Afinal, a Feira do Livro correu muito bem.
Obrigada a todos os que apareceram. E também a todos os que não puderam ir. 


Amigos:

Depois de antecipar, como pior dos cenários, a minha solidão na torreira do sol da Feira, qual Lawrence no deserto (isto se nenhum de vocês lá fosse), comecei a antecipar a possibilidade de um número à Gene Kelly. No caso, Singing in the Rain.
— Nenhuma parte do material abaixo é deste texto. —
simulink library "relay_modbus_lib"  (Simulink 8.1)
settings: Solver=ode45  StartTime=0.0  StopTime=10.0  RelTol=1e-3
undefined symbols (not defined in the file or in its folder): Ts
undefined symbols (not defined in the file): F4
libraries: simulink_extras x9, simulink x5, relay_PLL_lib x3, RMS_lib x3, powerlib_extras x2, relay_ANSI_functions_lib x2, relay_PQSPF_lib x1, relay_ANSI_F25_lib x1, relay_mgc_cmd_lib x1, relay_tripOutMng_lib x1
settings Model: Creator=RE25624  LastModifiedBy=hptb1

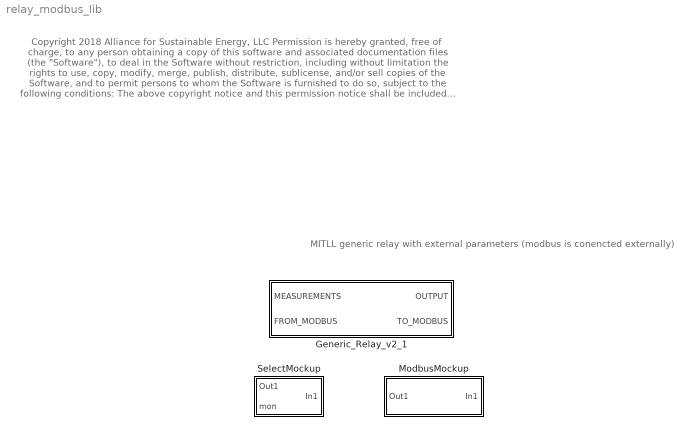
== system relay_modbus_lib ==
  note: MITLL generic relay with external parameters (modbus is conencted externally)
  note: Copyright 2018 Alliance for Sustainable Energy, LLC
      |
      | Permission is hereby granted, free of charge, to any person obtaining a copy of this software
      | and associated documentation files (the "Software"), to deal in the Software without restriction,
      | including without limitation the rights to use, copy, modify, merge, publish, distribute, sublicense,
      | and/or sell copies of the Software, and to permit persons to whom the Software is furnished to do so,
      | subject to the following conditions:
      |
      | The above copyright notice and this permission notice shall be included in all copies or substantial portions of the Software.
      |
      | THE SOFTWARE IS PROVIDED "AS IS", WITHOUT WARRANTY OF ANY KIND, EXPRESS OR IMPLIED, INCLUDING
      | BUT NOT LIMITED TO THE WARRANTIES OF MERCHANTABILITY, FITNESS FOR A PARTICULAR PURPOSE AND
      | NONINFRINGEMENT. IN NO EVENT SHALL THE AUTHORS, THE COPYRIGHT HOLDERS, THE UNITED STATES,
      | THE UNITED STATES DEPARTMENT OF ENERGY, OR ANY OF THEIR EMPLOYEES BE LIABLE FOR ANY CLAIM,
      | DAMAGES OR OTHER LIABILITY, WHETHER IN AN ACTION OF CONTRACT, TORT OR OTHERWISE, ARISING FROM,
      | OUT OF OR IN CONNECTION WITH THE SOFTWARE OR THE USE OR OTHER DEALINGS IN THE SOFTWARE.
  Generic_Relay_v2_1 : Subsystem  mask(Generic Relay){Ts=Ts, relay_settings=[F4(1,:)]}
      mask prompts: Ts "Sampling Time [Sec]"; relay_settings "Relay Settings"
      mask help:
      | This relay simulates functions: synchronizing or synchronism-check (25), phase instantaneous overcurrent (50P), AC inverse time overcurrent (51P), undervoltage relay (27), and overvoltage relay (59).
      |
      | FEATURES:
      | 1) Receives commands from the microgrid controller via MODBUS/TCP
      | 2) Two groups of interchangeable protection settings
      |     - To be used for grid-tied and islanded protection modes
      | 3) Locked-out only enabled for functions (50P), (51P)
      |     - (27) and (59) pickups will be model inputs for the next revision
      | 4) MODBUS commands expected in the following order:
      |    a) Functions reset (Holding Reg# 2000)
      |    b) Breaker state   (Holding Reg# 2001)
      |    c) Protection mode (Holding Reg# 2002)
      |       - bit = 0; parameter group#1 (default)
      |       - bit = 1; parameter group#2
      |
      | See help or integration packet for further information.
      mask Help:
      | Procedure to reclose a breaker:
      | 1) reset all functions (Holding Reg# 2000)
      | 2) set breaker state (Holding Reg# 2001) to generate a close signal
      | 	- Synch-check (25) will automatically activate
      | 	- bit = 0, trip functions are active
      | 	- bit = 1, trip functions are not active
      | 
      | 
      | 
      | Field format/order for relay settings:
      | 	- Assuming zero delay between group settings changes
      | 
      | 1.  Relay#
      | 2.  Nominal VRMSLL
      | 3.  Max. Slip Voltage [%]
      | 4.  Max. Slip Angle [degree]
      | 5.  Max. Slip Frequency [Hz]
      | 6.  27P and 59P Trip Delay [Sec]
      | 7.  CT Primary
      | 
      | Parameter Group #1
      | 8.  50P Instantaneous overcurrent (IOC) Trip Pickup
      | 9.  50P IOC Trip Delay [sec]
      | 10.  51P Time overcurrent (TOC) Trip Pickup
      | 11.  51P Curve Type
      | 12.  51P TOC Time Dial
      | 13.  27P Trip Pickup [pu]
      | 14.  59P Trip Pickup [pu]
      | 
      | Parameter Group #2
      | 15.  50P IOC Trip Pickup
      | 16.  50P IOC Trip Delay [sec]
      | 17.  51P TOC Trip Pickup
      | 18.  51P Curve Type
      | 19.  51P TOC Time Dial
      | 20.  27P Trip Pickup [pu]
      | 21.  59P Trip Pickup [pu]
      | 
      | Available TCC Characteristics:
      | 	- The degree of inverseness for each curve approximates SEL-751
      | 
      | 51P Curve
      | 1: moderate inverse
      | 2: inverse
      | 3: very inverse
      | 4: extremely inverse
      | 
      | References:
      | [1] IEEE Std. C37.112-1996
      | [2] SEL 751 Instruction manual
      | [3] MIT-LL 2nd Microgrid Controller Symposium - Integration Packet
  ModbusMockup : Subsystem
  SelectMockup : Subsystem  mask{sigID=1, sigN=6}
      mask prompts: sigID "Signal ID"; sigN "Signals count"
      mask Display: disp(['Select signal\n' num2str(sigID) '/' num2str(sigN)]);

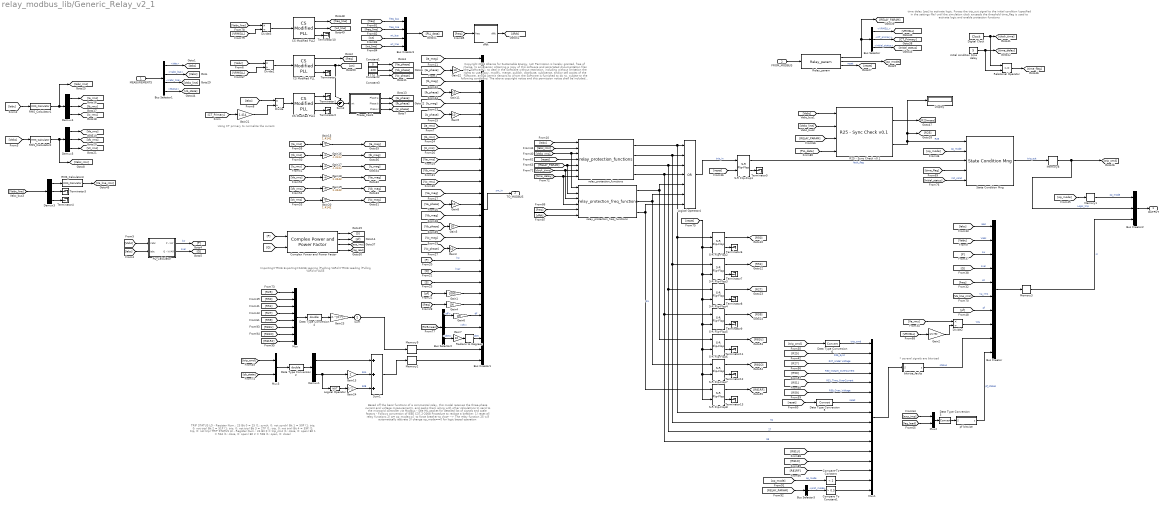
== system relay_modbus_lib/Generic_Relay_v2_1 ==
  note: Importing=TRUE
      | Exporting=FALSE
      |
      | Lagging (Pushing VARs)=TRUE
      | Leading (Pulling VARs)=FALSE
  note: * several signals are bitwised
  note: Using CT primary to normalize the current.
  note: TRIP STATUS LO - Register Num.: 23
      | Bit 0 = 25  (1: synch, 0: not synch)
      | Bit 1 = 50P (1: trip, 0: not trip)
      | Bit 2 = 51P (1: trip, 0: not trip)
      | Bit 3 = 27P (1: trip, 0: not trip)
      | Bit 4 = 59P (1: trip, 0: not trip)
      |
      | TRIP STATUS HI - Register Num.: 24
      | Bit 0 = trip_cmd  (1: close, 0: open)
      | Bit 1 = 52A (1: close, 0: open)
      | Bit 2 = 52B (1: open, 0: close)
  note: Based off the basic functions of a commercial relay, this model receives
      | the three-phase current and voltage measurements, and packs
      | them along with other calculations to send to the microgrid
      | controller via Modbus
      |
      | - See HIL packet for detailed list of signals and scale factors
      | - Follows convention of IEEE C37.2-2008
      |
      | Procedure to reclose a breaker:
      | 1) reset all relay functions
      | 2) set op_mode==1 to force breaker to close
      |    --> The relay function 25 will automatically activate
      | 3) change op_mode==0 for logic based operation
  note: time delay [sec] to activate logic. Forces the trip_out signal to the initial condition
      | (specified in the settings file) until the simulation clock exceeds the threshold
      |
      | time_flag is used to activate logic and enable protection functions
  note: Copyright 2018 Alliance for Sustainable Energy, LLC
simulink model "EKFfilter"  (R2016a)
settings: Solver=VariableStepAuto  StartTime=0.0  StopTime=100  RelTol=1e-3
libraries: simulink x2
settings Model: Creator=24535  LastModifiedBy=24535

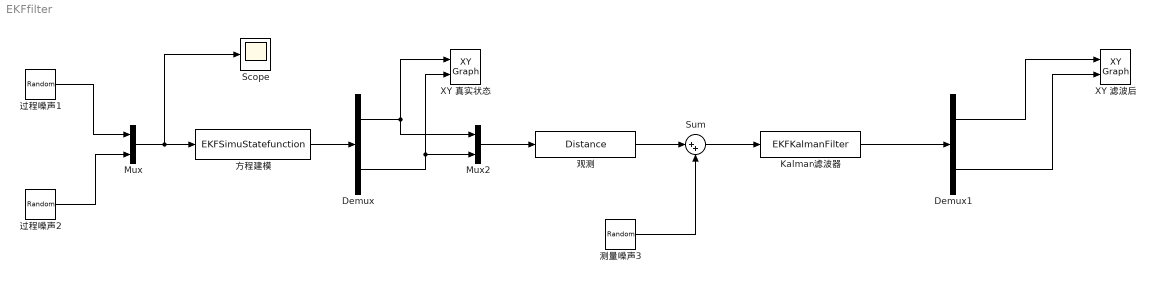
== system EKFfilter ==
  Demux : Demux  Outputs=2
  Demux1 : Demux  Outputs=2
  Kalman滤波器 : S-Function  FunctionName=EKFKalmanFilter  SFunctionDeploymentMode=off  EnableBusSupport=off
  Mux : Mux  Inputs=2
  Mux2 : Mux  Inputs=2
  Scope : Scope
  Sum : Sum  Inputs=|++
  XY 滤波后 : simulink/Sinks/XY Graph  xmin=0  xmax=50  ymin=-5  ymax=25  st=-1
  XY 真实状态 : simulink/Sinks/XY Graph  xmin=0  xmax=50  ymin=-5  ymax=25  st=-1
  方程建模 : S-Function  FunctionName=EKFSimuStatefunction  SFunctionDeploymentMode=off  EnableBusSupport=off
  测量噪声3 : RandomNumber  SampleTime=1
  观测 : S-Function  FunctionName=Distance  SFunctionDeploymentMode=off  EnableBusSupport=off
  过程噪声1 : RandomNumber  Variance=0.01  SampleTime=1
  过程噪声2 : RandomNumber  Variance=0.09  Seed=3  SampleTime=1
  wires:
  过程噪声1/1 -> Mux/1
  过程噪声2/1 -> Mux/2
  Mux/1 -> Scope/1, 方程建模/1
  方程建模/1 -> Demux/1
  Demux/1 -> Mux2/1, XY 真实状态/1
  Demux/2 -> Mux2/2, XY 真实状态/2
  Mux2/1 -> 观测/1
  观测/1 -> Sum/1
  Sum/1 -> Kalman滤波器/1
  测量噪声3/1 -> Sum/2
  Kalman滤波器/1 -> Demux1/1
  Demux1/1 -> XY 滤波后/1
  Demux1/2 -> XY 滤波后/2

Talvez por receio do que isso fizesse pelo livro, fui aconselhada pelo meu editor a adiar a presença na Feira para o próximo domingo 17 de Maio.
Esperemos que o tempo nos deixe fechar a Feira em beleza.
Assim que souber a hora, digo alguma coisa.
 




Feira do Livro de Lisboa, Pavilhão da Difel.
Afinal, vai ser dia 9, às 17h00. Rain or shine. Contei com sol, mas parece que vai estar cinzento. Não faz mal. Lá estarei. Espero que passem por lá.  
Não se esqueçam!




Depois de uma breve conversa com a Ana Aranha, À volta dos Livros, na Antena 1, e de uma passagem pela Maratona da Leitura, na Fnac, no último dia 23, vem agora aí a Feira do Livro.
Em princípio, encontramo-nos dia 10 de Maio. Assim que souber a hora, digo-vos. Espero ver-vos por lá.